7 comentários sobre “Um Ponto Fita o Mundo

  1. Se algum desavisado ler o seu post vai achar que você está falando um monte de coisas sem nexo. Antes de entrar no SAS eu não tinha menor a idéia de como estatística/matemática aplicada era útil para uma gama de problemas de negócio. Até fazer um projeto de cálculo de Valor em Risco(VaR) para Risco operacional usando simulação de Monte Carlo em um grande Banco brasileiro. E é isso que a indústria tem chamado de Business Analytics. A junção da estatística/matemática aplicada como o BI tradicional( dados contidos ou não em um DW). Não basta olhar para trás, é preciso olhar para frente. Modelagem preditiva é um bom caso que se encaixano seu exemplo citado.

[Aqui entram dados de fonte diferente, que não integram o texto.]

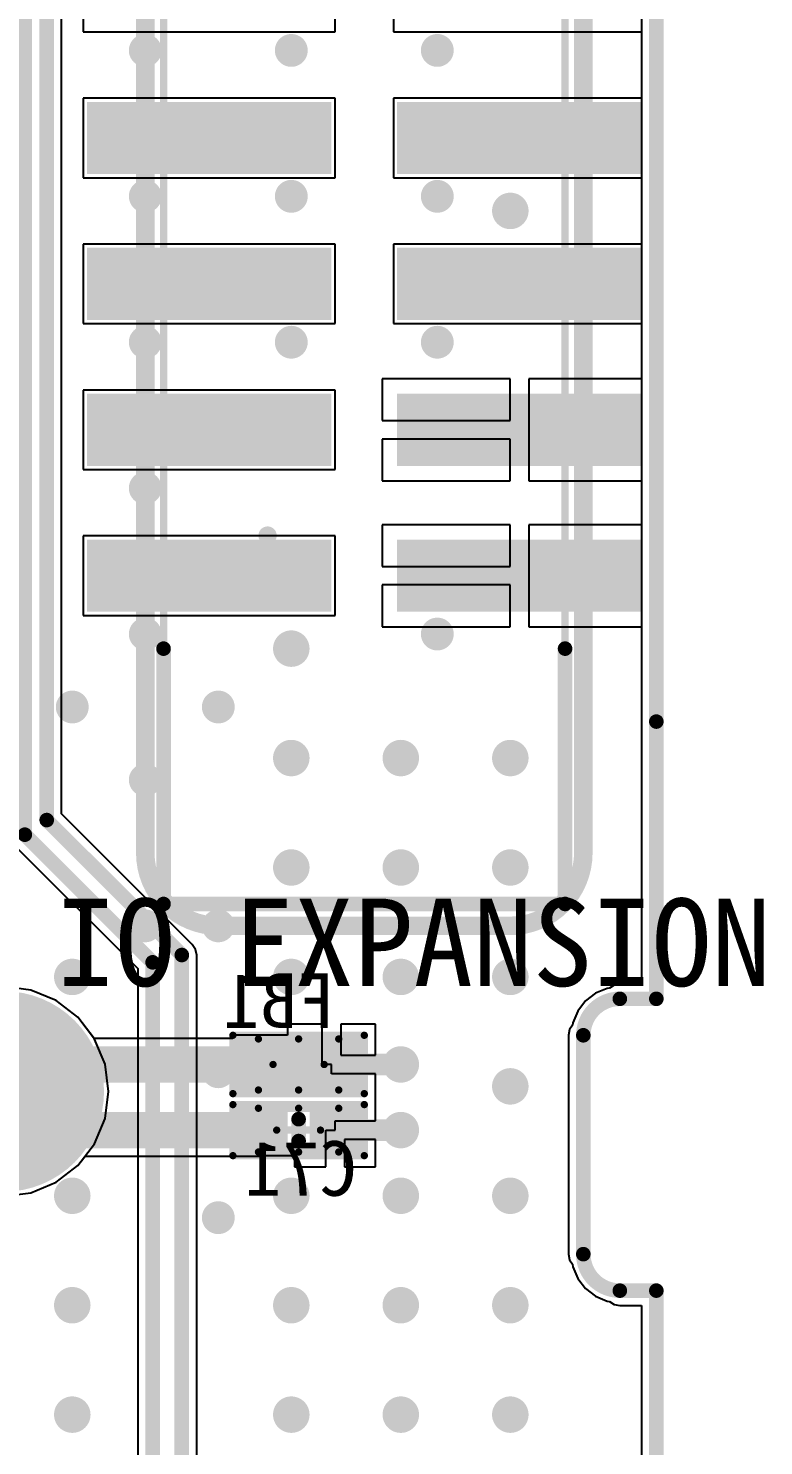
# Model space of a CAD drawing. Header units: millimetres. Extents: x 15 to 120, y 22 to 104.
# Drawn here: x 110.4 to 120.47, y 34.07 to 53.5 of the extents above; entities that cross this region are included whole.
import ezdxf

# ---------------------------------------------------------------- set-up
doc = ezdxf.new("R2010")
doc.units = ezdxf.units.MM
for name, color, linetype in [('BottomLayer', 5, 'Continuous'), ('BottomOverlay', 54, 'Continuous'), ('BottomPaste', 16, 'Continuous'), ('BottomSolder', 6, 'Continuous'), ('KeepOutLayer', 6, 'Continuous'), ('Mechanical13', 56, 'Continuous'), ('Mechanical15', 56, 'Continuous'), ('MultiLayer', 9, 'Continuous'), ('TopLayer', 1, 'Continuous'), ('TopOverlay', 2, 'Continuous'), ('TopPaste', 8, 'Continuous'), ('TopSolder', 216, 'Continuous')]:
    doc.layers.add(name, color=color, linetype=linetype)

msp = doc.modelspace()

# ---------------------------------------------------------------- linework, layer by layer
at = {"layer": 'BottomLayer'}
for p, q in [((118.79609718, 75.99998769999999), (118.79609718, 43.99999836)), ((118.79609718, 43.99999836), (118.79609464, 43.99999582)), ((118.79609464, 43.99999582), (118.79609718, 43.99999582)), ((118.79609718, 43.99999582), (118.79609718, 40.4039197)), ((110.43200164, 40.31829884), (110.10000078, 40.36200716)), ((110.77865068, 40.17471264), (110.43200164, 40.31829884)), ((118.16715508, 40.27650822), (118.02928388, 40.17071722)), ((118.32770594, 40.34301304), (118.16715508, 40.27650822)), ((118.36050242, 40.34733104), (118.32770594, 40.34301304)), ((118.42196534, 40.38839776), (118.36050242, 40.34733104)), ((118.50000176, 40.4039197), (118.42196534, 40.38839776)), ((118.79609718, 40.4039197), (118.50000176, 40.4039197)), ((111.07632344, 39.94629806), (110.77865068, 40.17471264)), ((117.92349288, 40.03284856), (117.85698806, 39.87229516)), ((118.02928388, 40.17071722), (117.92349288, 40.03284856)), ((111.29842104, 39.65685744), (111.07632344, 39.94629806)), ((114.42300204, 39.85399954), (113.94600274, 39.85399954)), ((113.94600274, 39.85399954), (113.94600274, 39.69999934)), ((114.42300204, 39.30000013999999), (114.42300204, 39.85399954)), ((115.15400134, 39.85399954), (114.67700204, 39.85399954)), ((114.67700204, 39.85399954), (114.67700204, 39.42700014)), ((115.15400134, 39.42700014), (115.15400134, 39.85399954)), ((117.85267006, 39.83949868), (117.81160334, 39.77803575999999)), ((117.85698806, 39.87229516), (117.85267006, 39.83949868)), ((113.2000022, 39.65685744), (111.29842104, 39.65685744)), ((113.94600274, 39.69999934), (113.2000022, 39.69999934)), ((113.2000022, 39.69999934), (113.2000022, 39.65685744)), ((117.81160334, 39.77803575999999), (117.7960814, 39.69999934)), ((117.7960814, 39.69999934), (117.7960814, 36.70000026)), ((114.55000204, 39.30000013999999), (114.42300204, 39.30000013999999)), ((114.55000204, 39.17300014), (114.55000204, 39.30000013999999)), ((114.67700204, 39.42700014), (115.15400134, 39.42700014)), ((115.15400134, 39.17300014), (114.55000204, 39.17300014)), ((115.15400134, 38.74600074), (115.15400134, 39.17300014)), ((115.1539988, 38.52700194), (115.1539988, 38.74600074)), ((115.1539988, 38.74600074), (115.15400134, 38.74600074)), ((114.5999994, 38.40000194), (114.5999994, 38.52700194)), ((114.5999994, 38.52700194), (115.1539988, 38.52700194)), ((114.4729994, 37.89600244), (114.4729994, 38.40000194)), ((114.4729994, 38.40000194), (114.5999994, 38.40000194)), ((115.1539988, 38.27300194), (114.7269994, 38.27300194)), ((114.7269994, 38.27300194), (114.7269994, 37.89600244)), ((115.1539988, 37.89600244), (115.1539988, 38.27300194)), ((110.77865068, 37.6852434), (111.07632344, 37.91365798)), ((111.07632344, 37.91365798), (111.17568316, 38.04314464)), ((111.17568316, 38.04314464), (113.59999886, 38.04314464)), ((113.59999886, 38.04314464), (113.63447428, 38.05000264)), ((113.63447428, 38.05000264), (113.99999552, 38.05000264)), ((113.99999552, 38.05000264), (113.99999298, 38.05000264)), ((113.99999298, 38.05000264), (114.046, 38.00399562)), ((113.99999552, 38.05000264), (113.99999552, 38.05000264)), ((114.046, 38.00399562), (114.046, 37.89600244)), ((114.046, 37.89600244), (114.4729994, 37.89600244)), ((114.7269994, 37.89600244), (115.1539988, 37.89600244)), ((110.10000078, 37.49794888), (110.43200164, 37.5416572)), ((110.43200164, 37.5416572), (110.77865068, 37.6852434)), ((117.7960814, 36.70000026), (117.81160334, 36.62196384)), ((117.81160334, 36.62196384), (117.85265228, 36.56052886)), ((117.85265228, 36.56052886), (117.85697282, 36.52770698)), ((117.85697282, 36.52770698), (117.92347764, 36.36715612)), ((117.92347764, 36.36715612), (118.02926864, 36.22928492)), ((118.02926864, 36.22928492), (118.16713984, 36.12349392)), ((118.16713984, 36.12349392), (118.3276907, 36.0569891)), ((118.3276907, 36.0569891), (118.36048464, 36.0526711)), ((118.36048464, 36.0526711), (118.42194756, 36.01160438)), ((118.42194756, 36.01160438), (118.49998398, 35.99608244)), ((118.49998398, 35.99608244), (118.79609718, 35.99608244)), ((118.79609718, 35.99608244), (118.79609718, 27.99999988))]:
    msp.add_line(p, q, dxfattribs=at)
for points, const_width in [([(116.87496564, 50.99998436, 1), (117.1249626, 50.99998436, 1)], 0.2499995), ([(113.87496656, 44.9999862, 1), (114.12496352, 44.9999862, 1)], 0.2499995), ([(113.87496656, 43.49998666, 1), (114.12496352, 43.49998666, 1)], 0.2499995), ([(115.3749661, 43.49998666, 1), (115.62496306, 43.49998666, 1)], 0.2499995), ([(116.87496564, 43.49998666, 1), (117.1249626, 43.49998666, 1)], 0.2499995), ([(113.87496656, 41.99998712, 1), (114.12496352, 41.99998712, 1)], 0.2499995), ([(115.3749661, 41.99998712, 1), (115.62496306, 41.99998712, 1)], 0.2499995), ([(116.87496564, 41.99998712, 1), (117.1249626, 41.99998712, 1)], 0.2499995), ([(110.87496748, 40.49998758, 1), (111.12496444, 40.49998758, 1)], 0.2499995), ([(113.87496656, 40.49998758, 1), (114.12496352, 40.49998758, 1)], 0.2499995), ([(115.3749661, 40.49998758, 1), (115.62496306, 40.49998758, 1)], 0.2499995), ([(116.87496564, 40.49998758, 1), (117.1249626, 40.49998758, 1)], 0.2499995), ([(109.39750282, 38.92997802, 1), (110.72250398, 38.92997802, 1)], 1.32499862), ([(113.52500282, 39.30000013999999, 1), (113.77499978, 39.30000013999999, 1)], 0.2499995), ([(114.47500346, 39.30000013999999, 1), (114.62500062, 39.30000013999999, 1)], 0.1499997), ([(115.37500166, 39.30000013999999, 1), (115.62499862, 39.30000013999999, 1)], 0.2499995), ([(115.42500156, 39.30000013999999, 1), (115.57499872, 39.30000013999999, 1)], 0.1499997), ([(116.87496564, 38.99998804, 1), (117.1249626, 38.99998804, 1)], 0.2499995), ([(110.57499856, 38.40000194, 1), (110.82499552, 38.40000194, 1)], 0.2499995), ([(110.57499856, 38.40000194, 1), (110.82499552, 38.40000194, 1)], 0.2499995), ([(113.47500038, 38.40000194, 1), (113.72499734, 38.40000194, 1)], 0.2499995), ([(114.52500082, 38.40000194, 1), (114.67499798, 38.40000194, 1)], 0.1499997), ([(115.37500166, 38.3999994, 1), (115.62499862, 38.3999994, 1)], 0.2499995), ([(115.42499902, 38.40000194, 1), (115.57499618, 38.40000194, 1)], 0.1499997), ([(115.42499902, 38.40000194, 1), (115.57499618, 38.40000194, 1)], 0.1499997), ([(115.42500156, 38.3999994, 1), (115.57499872, 38.3999994, 1)], 0.1499997), ([(110.87496748, 37.4999885, 1), (111.12496444, 37.4999885, 1)], 0.2499995), ([(113.87496656, 37.4999885, 1), (114.12496352, 37.4999885, 1)], 0.2499995), ([(115.3749661, 37.4999885, 1), (115.62496306, 37.4999885, 1)], 0.2499995), ([(116.87496564, 37.4999885, 1), (117.1249626, 37.4999885, 1)], 0.2499995), ([(110.87496748, 35.99998896, 1), (111.12496444, 35.99998896, 1)], 0.2499995), ([(113.87496656, 35.99998896, 1), (114.12496352, 35.99998896, 1)], 0.2499995), ([(115.3749661, 35.99998896, 1), (115.62496306, 35.99998896, 1)], 0.2499995), ([(116.87496564, 35.99998896, 1), (117.1249626, 35.99998896, 1)], 0.2499995), ([(110.87496748, 34.49998942, 1), (111.12496444, 34.49998942, 1)], 0.2499995), ([(113.87496656, 34.49998942, 1), (114.12496352, 34.49998942, 1)], 0.2499995), ([(115.3749661, 34.49998942, 1), (115.62496306, 34.49998942, 1)], 0.2499995), ([(116.87496564, 34.49998942, 1), (117.1249626, 34.49998942, 1)], 0.2499995)]:
    msp.add_lwpolyline(points, format="xyb", close=True, dxfattribs=dict(at, const_width=const_width))
for points, const_width in [([(110.0600034, 39.30000013999999), (113.6500013, 39.30000013999999)], 0.499999), ([(114.55000204, 39.30000013999999), (115.50000014, 39.30000013999999)], 0.2999994), ([(110.11501218, 38.98498679999999), (110.69999704, 38.40000194)], 0.499999), ([(110.69999704, 38.40000194), (113.59999886, 38.40000194)], 0.499999), ([(114.5999994, 38.40000194), (115.4999976, 38.40000194)], 0.2999994), ([(115.4999976, 38.40000194), (115.50000014, 38.3999994)], 0.2999994)]:
    msp.add_lwpolyline(points, dxfattribs=dict(at, const_width=const_width))
for points in [[(113.300002, 39.59999954), (113.300002, 39.00000074), (114.0000006, 39.59999954), (114.0000006, 39.00000074)], [(114.20000274, 39.59999954), (114.20000274, 39.00000074), (114.90000134, 39.59999954), (114.90000134, 39.00000074)], [(113.89999826, 38.15000243999999), (113.89999826, 38.65000144), (113.29999946, 38.15000243999999), (113.29999946, 38.65000144)], [(114.8999988, 38.15000243999999), (114.8999988, 38.65000144), (114.3, 38.15000243999999), (114.3, 38.65000144)]]:
    msp.add_solid(points, dxfattribs=at)
at = {"layer": 'BottomOverlay'}
for points, const_width in [([(112.00000206, 42.19999942), (112.00000206, 70.1999993)], 0.254), ([(118.00000022, 42.19999942), (118.00000022, 69.2000013)], 0.254), ([(113.00000006, 41.20000142), (117.00000222, 41.20000142)], 0.254), ([(114.1000004, 38.2499997), (114.1000004, 38.5499991)], 0.1999996)]:
    msp.add_lwpolyline(points, dxfattribs=dict(at, const_width=const_width))
at = {"layer": 'BottomOverlay', "const_width": 0.254}
for points in [[(112.99999752, 41.19999634, -0.4142128184231074), (111.99999952, 42.19999688)], [(118.00000276, 42.19999688, -0.4142128184231074), (117.00000222, 41.19999888)]]:
    msp.add_lwpolyline(points, format="xyb", dxfattribs=at)
at = {"layer": 'BottomOverlay'}
for points, const_width in [([(111.93649952, 42.19999688, 1), (112.06349952, 42.19999688, 1)], 0.127), ([(111.93650206, 42.19999942, 1), (112.06350206, 42.19999942, 1)], 0.127), ([(117.93650022, 42.19999942, 1), (118.06350022, 42.19999942, 1)], 0.127), ([(117.93650276, 42.19999688, 1), (118.06350276, 42.19999688, 1)], 0.127), ([(112.93649752, 41.19999634, 1), (113.06349752, 41.19999634, 1)], 0.127), ([(112.93650006, 41.20000142, 1), (113.06350006, 41.20000142, 1)], 0.127), ([(116.93650222, 41.20000142, 1), (117.06350222, 41.20000142, 1)], 0.127), ([(116.93650222, 41.19999888, 1), (117.06350222, 41.19999888, 1)], 0.127), ([(114.0500005, 38.5499991, 1), (114.1500003, 38.5499991, 1)], 0.0999998), ([(114.0500005, 38.2499997, 1), (114.1500003, 38.2499997, 1)], 0.0999998)]:
    msp.add_lwpolyline(points, format="xyb", close=True, dxfattribs=dict(at, const_width=const_width))
at = {"layer": 'BottomPaste'}
for points in [[(113.300002, 39.59999954), (113.300002, 39.00000074), (114.0000006, 39.59999954), (114.0000006, 39.00000074)], [(113.300002, 39.59999954), (113.300002, 39.00000074), (114.0000006, 39.59999954), (114.0000006, 39.00000074)], [(114.20000274, 39.59999954), (114.20000274, 39.00000074), (114.90000134, 39.59999954), (114.90000134, 39.00000074)], [(114.20000274, 39.59999954), (114.20000274, 39.00000074), (114.90000134, 39.59999954), (114.90000134, 39.00000074)], [(113.89999826, 38.15000243999999), (113.89999826, 38.65000144), (113.29999946, 38.15000243999999), (113.29999946, 38.65000144)], [(113.89999826, 38.15000243999999), (113.89999826, 38.65000144), (113.29999946, 38.15000243999999), (113.29999946, 38.65000144)], [(114.8999988, 38.15000243999999), (114.8999988, 38.65000144), (114.3, 38.15000243999999), (114.3, 38.65000144)], [(114.8999988, 38.15000243999999), (114.8999988, 38.65000144), (114.3, 38.15000243999999), (114.3, 38.65000144)]]:
    msp.add_solid(points, dxfattribs=at)
at = {"layer": 'BottomSolder', "const_width": 1.37499852}
msp.add_lwpolyline([(109.37250414, 38.92997802, 1), (110.74750266, 38.92997802, 1)], format="xyb", close=True, dxfattribs=at)
msp.add_lwpolyline([(109.37250414, 38.92997802, 1), (110.74750266, 38.92997802, 1)], format="xyb", close=True, dxfattribs=at)
at = {"layer": 'BottomSolder'}
for points in [[(113.2500021, 39.64999943999999), (113.2500021, 38.95000084), (114.0500005, 39.64999943999999), (114.0500005, 38.95000084)], [(113.2500021, 39.64999943999999), (113.2500021, 38.95000084), (114.0500005, 39.64999943999999), (114.0500005, 38.95000084)], [(114.15000284, 39.64999943999999), (114.15000284, 38.95000084), (114.95000124, 39.64999943999999), (114.95000124, 38.95000084)], [(114.15000284, 39.64999943999999), (114.15000284, 38.95000084), (114.95000124, 39.64999943999999), (114.95000124, 38.95000084)], [(113.94999816, 38.10000254), (113.94999816, 38.70000134), (113.24999956, 38.10000254), (113.24999956, 38.70000134)], [(113.94999816, 38.10000254), (113.94999816, 38.70000134), (113.24999956, 38.10000254), (113.24999956, 38.70000134)], [(114.9499987, 38.10000254), (114.9499987, 38.70000134), (114.2500001, 38.10000254), (114.2500001, 38.70000134)], [(114.9499987, 38.10000254), (114.9499987, 38.70000134), (114.2500001, 38.10000254), (114.2500001, 38.70000134)]]:
    msp.add_solid(points, dxfattribs=at)
at = {"layer": 'KeepOutLayer', "const_width": 0.1999996}
for points in [[(119.000016, 43.99999582), (119.000016, 75.99998769999999)], [(119.000016, 40.20000088), (119.000016, 43.99999582)], [(118.50000176, 40.20000088), (119.00000076, 40.20000088)], [(118.00000022, 36.70000026), (118.00000022, 39.69999934)], [(118.49998398, 36.20000126), (118.99998552, 36.20000126)], [(119.000016, 27.99999988), (119.000016, 36.20000126)]]:
    msp.add_lwpolyline(points, dxfattribs=at)
at = {"layer": 'KeepOutLayer', "const_width": 0.0999998}
for points in [[(118.9500161, 43.99999582, 1), (119.0500159, 43.99999582, 1)], [(118.9500161, 43.99999582, 1), (119.0500159, 43.99999582, 1)], [(118.45000186, 40.20000088, 1), (118.55000166, 40.20000088, 1)], [(118.45000186, 40.20000088, 1), (118.55000166, 40.20000088, 1)], [(118.95000086, 40.20000088, 1), (119.05000066, 40.20000088, 1)], [(118.9500161, 40.20000088, 1), (119.0500159, 40.20000088, 1)], [(117.95000032, 39.69999934, 1), (118.05000012, 39.69999934, 1)], [(117.95000032, 39.69999934, 1), (118.05000012, 39.69999934, 1)], [(117.94998508, 36.70000026, 1), (118.04998488, 36.70000026, 1)], [(117.95000032, 36.70000026, 1), (118.05000012, 36.70000026, 1)], [(118.44998408, 36.20000126, 1), (118.54998388, 36.20000126, 1)], [(118.44998662, 36.20000126, 1), (118.54998642, 36.20000126, 1)], [(118.94998562, 36.20000126, 1), (119.04998542, 36.20000126, 1)], [(118.9500161, 36.20000126, 1), (119.0500159, 36.20000126, 1)]]:
    msp.add_lwpolyline(points, format="xyb", close=True, dxfattribs=at)
at = {"layer": 'KeepOutLayer', "const_width": 0.1999996}
for points in [[(118.00000022, 39.69999934, -0.414213562372877), (118.50000176, 40.20000088)], [(118.49998652, 36.20000126, -0.4142120744806551), (117.99998498, 36.70000026)]]:
    msp.add_lwpolyline(points, format="xyb", dxfattribs=at)
at = {"layer": 'Mechanical13', "const_width": 0.0999998}
for points in [[(112.25000156, 41.50000082), (112.25000156, 78.50000302)], [(117.75000072, 41.50000082), (117.75000072, 78.50000302)], [(112.25000156, 41.50000082), (117.75000072, 41.50000082)], [(113.5500015, 39.65000198), (114.65000184, 39.65000198)], [(113.5500015, 38.95000084), (113.5500015, 39.65000198)], [(114.65000184, 38.95000084), (114.65000184, 39.65000198)], [(113.5500015, 38.95000084), (114.65000184, 38.95000084)], [(113.54999896, 38.70000134), (114.6499993, 38.70000134)], [(113.54999896, 38.10000254), (113.54999896, 38.70000134)], [(114.6499993, 38.10000254), (114.6499993, 38.70000134)], [(113.54999896, 38.10000254), (114.6499993, 38.10000254)]]:
    msp.add_lwpolyline(points, dxfattribs=at)
at = {"layer": 'Mechanical13', "const_width": 0.0499999}
for points in [[(112.22500288, 41.50000082, 1), (112.27500024, 41.50000082, 1)], [(112.22500288, 41.50000082, 1), (112.27500024, 41.50000082, 1)], [(117.72500204, 41.50000082, 1), (117.7749994, 41.50000082, 1)], [(117.72500204, 41.50000082, 1), (117.7749994, 41.50000082, 1)], [(113.52500282, 39.65000198, 1), (113.57500018, 39.65000198, 1)], [(113.52500282, 39.65000198, 1), (113.57500018, 39.65000198, 1)], [(114.62500316, 39.65000198, 1), (114.67500052, 39.65000198, 1)], [(114.62500316, 39.65000198, 1), (114.67500052, 39.65000198, 1)], [(113.52500282, 38.95000084, 1), (113.57500018, 38.95000084, 1)], [(113.52500282, 38.95000084, 1), (113.57500018, 38.95000084, 1)], [(114.62500316, 38.95000084, 1), (114.67500052, 38.95000084, 1)], [(114.62500316, 38.95000084, 1), (114.67500052, 38.95000084, 1)], [(113.52500028, 38.70000134, 1), (113.57499764, 38.70000134, 1)], [(113.52500028, 38.70000134, 1), (113.57499764, 38.70000134, 1)], [(114.62500062, 38.70000134, 1), (114.67499798, 38.70000134, 1)], [(114.62500062, 38.70000134, 1), (114.67499798, 38.70000134, 1)], [(113.52500028, 38.10000254, 1), (113.57499764, 38.10000254, 1)], [(113.52500028, 38.10000254, 1), (113.57499764, 38.10000254, 1)], [(114.62500062, 38.10000254, 1), (114.67499798, 38.10000254, 1)], [(114.62500062, 38.10000254, 1), (114.67499798, 38.10000254, 1)]]:
    msp.add_lwpolyline(points, format="xyb", close=True, dxfattribs=at)
at = {"layer": 'Mechanical15', "const_width": 0.0999998}
for points in [[(112.25000156, 41.50000082), (112.25000156, 78.50000302)], [(117.75000072, 41.50000082), (117.75000072, 78.50000302)], [(112.25000156, 41.50000082), (117.75000072, 41.50000082)], [(113.2000022, 39.70000187999999), (115.00000114, 39.70000187999999)], [(113.2000022, 38.90000094), (113.2000022, 39.70000187999999)], [(114.1000004, 38.95000084), (114.1000004, 39.65000198)], [(115.00000114, 38.90000094), (115.00000114, 39.70000187999999)], [(113.7500011, 39.30000013999999), (114.45000224, 39.30000013999999)], [(113.2000022, 38.90000094), (115.00000114, 38.90000094)], [(113.19999966, 38.75000124), (114.9999986, 38.75000124)], [(113.19999966, 38.05000264), (113.19999966, 38.75000124)], [(114.1000004, 38.10000254), (114.1000004, 38.70000134)], [(114.9999986, 38.05000264), (114.9999986, 38.75000124)], [(113.79999846, 38.40000194), (114.3999998, 38.40000194)], [(113.19999966, 38.05000264), (114.9999986, 38.05000264)]]:
    msp.add_lwpolyline(points, dxfattribs=at)
at = {"layer": 'Mechanical15', "const_width": 0.0499999}
for points in [[(112.22500288, 41.50000082, 1), (112.27500024, 41.50000082, 1)], [(112.22500288, 41.50000082, 1), (112.27500024, 41.50000082, 1)], [(117.72500204, 41.50000082, 1), (117.7749994, 41.50000082, 1)], [(117.72500204, 41.50000082, 1), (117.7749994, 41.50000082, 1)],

    1. Grande Washington, que honra ter um comentário seu! Vamos lá, por partes:

      – Desavisados: BI é um assunto complexo. Não posso escrever todos os posts como se todo mundo estivesse começando agora. Eu escrevi um monte de coisa introdutória, até demais na minha opinião, e uma hora eu teria que colocar coisas mais sofisticadas. A esses visitantes eu posso apenas recomendar que não desistam – leiam mais, aprendam e voltem um dia, se puderem. Talvez um dia fique claro. (Eu sempre tento escrever o mais claramente possível, e eu reescrevi esse post especificamente umas três vezes até achar que estava passável. Mas ainda não estou feliz com ele.)

      – BA: está mais para BS rs… Sorry. Eu quis dizer que os fornecedores de ferramentas vivem de encontrar novas buzzwords, reempacotar seus produtos nelas e continuar vendendo. Veja o caso de Data Discovery – inventada por uma VP do SAS, aliás – que foi apropriada pela QlikTech e agora todo mundo fala. O próprio termo BA foi inventado também pelo SAS, na década passada (eu estava no GUSAS em que isso começou a ser mostrado – acho que foi 2007.)

      – BI tradicional vs. “novidades”: não existe. BA é outro termo para o que era chamado Data Mining etc. NUNCA alguém fez um modelo em BI para explicar só o passado, era SEMPRE para prever o futuro. Só alguém mal-informado pode sair com essa de “não basta olhar para trás, é preciso olhar para frente” – para quê ele acha que foi feito o modelo, caraca?? E outra, que raio é modelagem preditiva??? Ou seu modelo fita, ou não fita, e se fita, já traz informação do futuro (a menos que você tenha excluído t do seu modelo); e mesmo assim é preciso reavaliar o modelo de tempos em tempos, porque ele sempre descola.

      O SAS é uma faculdade inteira de BI. Eu tomei contato com esse mundo pela primeira vez lá e acabei mal-acostumado. Nunca soube como o mundo aqui fora é tão… “pobre em entendimento”, acho que é esse o termo. Sempre torço o nariz para gente que tasca uma ferramenta de relatório em cima de dados sujos em tempo real e chama de BI. Essas noções propagadas por fornecedores de ferramentas (e não de BI, como o SAS é) mantém os clientes presos em noções simplórias, vagas, cegos para o potencial estupendo de BI. Eu meio que venho numa cruzada tentando levar o que eu aprendi no SAS ao mundo. Basta ver como eu estou sempre falando de solução e de Ciência. ;-) (Eu noto que você também percebe o mesmo desnível entre o potencial e o que o mundo compra. Frustrante, não?)

  2. Fábio, conheço você a muito tempo, e como estatístico fico com orgulho vendo um post destes, explico isso aos gestores todos os dias e como a comunicação matemática é algo que deve ser adquirida, a ideia por fórmulas mágicas que expliquem os dados é solicitada todos os dias, parabéns , excelente, nada aqui foi superficial, valeu!

    1. UAU! Primeiro o Washington e agora o Grimaldo! Meu, eu tô na crista da onda!!! Kkkk

      Pagações à parte, Grimaldo, sua opinião tem um peso imenso para mim. Ter meus pontos de vista de alguma forma validados por você é meu certificado de qualidade de BI. Muito obrigado pelo comentário, ganhei o mês com ele!